Task objective: When you reach the line in the listing below that contains "#17370 = LINE ( 'NONE', #23275, #24419 ) ;", begin returning lines exactly as written, and stop after the line that contains "#22880 = VECTOR". Return no other lines.

Recorded data:
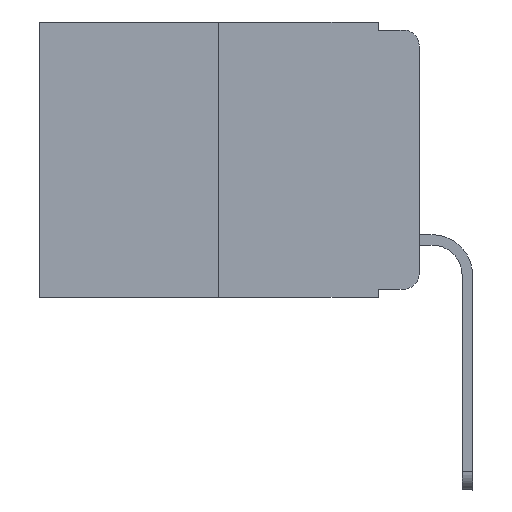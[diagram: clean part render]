
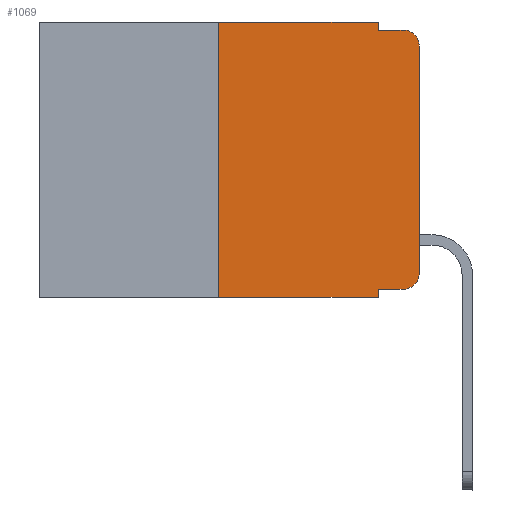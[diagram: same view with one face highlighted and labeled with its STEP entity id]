
A CAD part, left-side view. The second image highlights one B-rep face of the part: STEP entity #1069.
In plain terms, the highlighted planar face has unit normal (-1, 0, 0).
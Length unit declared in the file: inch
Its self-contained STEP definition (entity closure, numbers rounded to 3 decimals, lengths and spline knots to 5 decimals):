
#460 = CIRCLE ( 'NONE', #2861, 0.02 ) ;
#501 = AXIS2_PLACEMENT_3D ( 'NONE', #9447, #24618, #9313 ) ;
#555 = CARTESIAN_POINT ( 'NONE',  ( 0., 0.02, -0.01 ) ) ;
#1069 = ADVANCED_FACE ( 'NONE', ( #1808 ), #17330, .F. ) ;
#1600 = CARTESIAN_POINT ( 'NONE',  ( 0., 0.051, 0. ) ) ;
#1808 = FACE_OUTER_BOUND ( 'NONE', #6524, .T. ) ;
#1844 = LINE ( 'NONE', #18862, #10424 ) ;
#1985 = VERTEX_POINT ( 'NONE', #17155 ) ;
#2154 = ORIENTED_EDGE ( 'NONE', *, *, #15623, .F. ) ;
#2679 = EDGE_CURVE ( 'NONE', #24607, #20402, #14475, .T. ) ;
#2861 = AXIS2_PLACEMENT_3D ( 'NONE', #13533, #19691, #9804 ) ;
#2917 = DIRECTION ( 'NONE',  ( 0., 0., -1. ) ) ;
#3163 = DIRECTION ( 'NONE',  ( -1., 0., 0. ) ) ;
#3363 = CARTESIAN_POINT ( 'NONE',  ( 0., 0.02, -0.333 ) ) ;
#3681 = CARTESIAN_POINT ( 'NONE',  ( 0., 0.051, -0.343 ) ) ;
#3783 = EDGE_CURVE ( 'NONE', #4855, #1985, #17370, .T. ) ;
#4076 = ORIENTED_EDGE ( 'NONE', *, *, #7398, .F. ) ;
#4083 = CARTESIAN_POINT ( 'NONE',  ( 0., 0., -0.313 ) ) ;
#4431 = ORIENTED_EDGE ( 'NONE', *, *, #22165, .F. ) ;
#4573 = LINE ( 'NONE', #18333, #8568 ) ;
#4855 = VERTEX_POINT ( 'NONE', #1600 ) ;
#5199 = LINE ( 'NONE', #12828, #16011 ) ;
#5445 = VERTEX_POINT ( 'NONE', #555 ) ;
#6493 = EDGE_CURVE ( 'NONE', #19625, #4855, #5199, .T. ) ;
#6524 = EDGE_LOOP ( 'NONE', ( #10513, #7462, #2154, #7485, #22049, #4076, #21648, #4431, #8617, #8393 ) ) ;
#6584 = CARTESIAN_POINT ( 'NONE',  ( 0., 0.25, 0. ) ) ;
#7147 = EDGE_CURVE ( 'NONE', #21962, #5445, #460, .T. ) ;
#7196 = EDGE_CURVE ( 'NONE', #12484, #24607, #1844, .T. ) ;
#7398 = EDGE_CURVE ( 'NONE', #9662, #19625, #15855, .T. ) ;
#7462 = ORIENTED_EDGE ( 'NONE', *, *, #7147, .T. ) ;
#7485 = ORIENTED_EDGE ( 'NONE', *, *, #3783, .F. ) ;
#8349 = DIRECTION ( 'NONE',  ( 0., 0., 1. ) ) ;
#8393 = ORIENTED_EDGE ( 'NONE', *, *, #2679, .T. ) ;
#8568 = VECTOR ( 'NONE', #8704, 39.37008 ) ;
#8617 = ORIENTED_EDGE ( 'NONE', *, *, #7196, .T. ) ;
#8704 = DIRECTION ( 'NONE',  ( 0., -1., 0. ) ) ;
#9313 = DIRECTION ( 'NONE',  ( 0., 0., -1. ) ) ;
#9447 = CARTESIAN_POINT ( 'NONE',  ( 0., 0.473, 0. ) ) ;
#9662 = VERTEX_POINT ( 'NONE', #10768 ) ;
#9804 = DIRECTION ( 'NONE',  ( 0., 0., -1. ) ) ;
#10424 = VECTOR ( 'NONE', #13099, 39.37008 ) ;
#10513 = ORIENTED_EDGE ( 'NONE', *, *, #16575, .T. ) ;
#10768 = CARTESIAN_POINT ( 'NONE',  ( 0., 0.25, -0.343 ) ) ;
#10974 = CARTESIAN_POINT ( 'NONE',  ( 0., 0., 0. ) ) ;
#11283 = DIRECTION ( 'NONE',  ( 0., -1., 0. ) ) ;
#12243 = VECTOR ( 'NONE', #11283, 39.37008 ) ;
#12429 = CARTESIAN_POINT ( 'NONE',  ( 0., 0.02, -0.313 ) ) ;
#12484 = VERTEX_POINT ( 'NONE', #13720 ) ;
#12828 = CARTESIAN_POINT ( 'NONE',  ( 0., 0.473, 0. ) ) ;
#13099 = DIRECTION ( 'NONE',  ( 0., -1., 0. ) ) ;
#13268 = CARTESIAN_POINT ( 'NONE',  ( 0., 0.473, -0.343 ) ) ;
#13271 = AXIS2_PLACEMENT_3D ( 'NONE', #12429, #3163, #2917 ) ;
#13533 = CARTESIAN_POINT ( 'NONE',  ( 0., 0.02, -0.03 ) ) ;
#13720 = CARTESIAN_POINT ( 'NONE',  ( 0., 0.051, -0.333 ) ) ;
#14475 = CIRCLE ( 'NONE', #13271, 0.02 ) ;
#14590 = VECTOR ( 'NONE', #18849, 39.37008 ) ;
#15623 = EDGE_CURVE ( 'NONE', #1985, #5445, #4573, .T. ) ;
#15824 = LINE ( 'NONE', #23741, #22880 ) ;
#15855 = LINE ( 'NONE', #6584, #18821 ) ;
#15976 = DIRECTION ( 'NONE',  ( 0., 0., -1. ) ) ;
#16011 = VECTOR ( 'NONE', #20499, 39.37008 ) ;
#16575 = EDGE_CURVE ( 'NONE', #20402, #21962, #24769, .T. ) ;
#17088 = CARTESIAN_POINT ( 'NONE',  ( 0., 0.25, 0. ) ) ;
#17155 = CARTESIAN_POINT ( 'NONE',  ( 0., 0.051, -0.01 ) ) ;
#17330 = PLANE ( 'NONE',  #501 ) ;
#17370 = LINE ( 'NONE', #23275, #24419 ) ;
#17381 = EDGE_CURVE ( 'NONE', #9662, #22035, #18788, .T. ) ;
#18333 = CARTESIAN_POINT ( 'NONE',  ( 0., 0.051, -0.01 ) ) ;
#18788 = LINE ( 'NONE', #13268, #12243 ) ;
#18821 = VECTOR ( 'NONE', #8349, 39.37008 ) ;
#18849 = DIRECTION ( 'NONE',  ( 0., 0., 1. ) ) ;
#18862 = CARTESIAN_POINT ( 'NONE',  ( 0., 0.051, -0.333 ) ) ;
#19625 = VERTEX_POINT ( 'NONE', #17088 ) ;
#19691 = DIRECTION ( 'NONE',  ( -1., 0., 0. ) ) ;
#20402 = VERTEX_POINT ( 'NONE', #4083 ) ;
#20499 = DIRECTION ( 'NONE',  ( 0., -1., 0. ) ) ;
#21648 = ORIENTED_EDGE ( 'NONE', *, *, #17381, .T. ) ;
#21962 = VERTEX_POINT ( 'NONE', #24138 ) ;
#22035 = VERTEX_POINT ( 'NONE', #3681 ) ;
#22049 = ORIENTED_EDGE ( 'NONE', *, *, #6493, .F. ) ;
#22165 = EDGE_CURVE ( 'NONE', #12484, #22035, #15824, .T. ) ;
#22880 = VECTOR ( 'NONE', #23616, 39.37008 ) ;
#23275 = CARTESIAN_POINT ( 'NONE',  ( 0., 0.051, 0. ) ) ;
#23616 = DIRECTION ( 'NONE',  ( 0., 0., -1. ) ) ;
#23741 = CARTESIAN_POINT ( 'NONE',  ( 0., 0.051, 0. ) ) ;
#24138 = CARTESIAN_POINT ( 'NONE',  ( 0., 0., -0.03 ) ) ;
#24419 = VECTOR ( 'NONE', #15976, 39.37008 ) ;
#24607 = VERTEX_POINT ( 'NONE', #3363 ) ;
#24618 = DIRECTION ( 'NONE',  ( 1., 0., 0. ) ) ;
#24769 = LINE ( 'NONE', #10974, #14590 ) ;

Exercise answer:
#17370 = LINE ( 'NONE', #23275, #24419 ) ;
#17381 = EDGE_CURVE ( 'NONE', #9662, #22035, #18788, .T. ) ;
#18333 = CARTESIAN_POINT ( 'NONE',  ( 0., 0.051, -0.01 ) ) ;
#18788 = LINE ( 'NONE', #13268, #12243 ) ;
#18821 = VECTOR ( 'NONE', #8349, 39.37008 ) ;
#18849 = DIRECTION ( 'NONE',  ( 0., 0., 1. ) ) ;
#18862 = CARTESIAN_POINT ( 'NONE',  ( 0., 0.051, -0.333 ) ) ;
#19625 = VERTEX_POINT ( 'NONE', #17088 ) ;
#19691 = DIRECTION ( 'NONE',  ( -1., 0., 0. ) ) ;
#20402 = VERTEX_POINT ( 'NONE', #4083 ) ;
#20499 = DIRECTION ( 'NONE',  ( 0., -1., 0. ) ) ;
#21648 = ORIENTED_EDGE ( 'NONE', *, *, #17381, .T. ) ;
#21962 = VERTEX_POINT ( 'NONE', #24138 ) ;
#22035 = VERTEX_POINT ( 'NONE', #3681 ) ;
#22049 = ORIENTED_EDGE ( 'NONE', *, *, #6493, .F. ) ;
#22165 = EDGE_CURVE ( 'NONE', #12484, #22035, #15824, .T. ) ;
#22880 = VECTOR ( 'NONE', #23616, 39.37008 ) ;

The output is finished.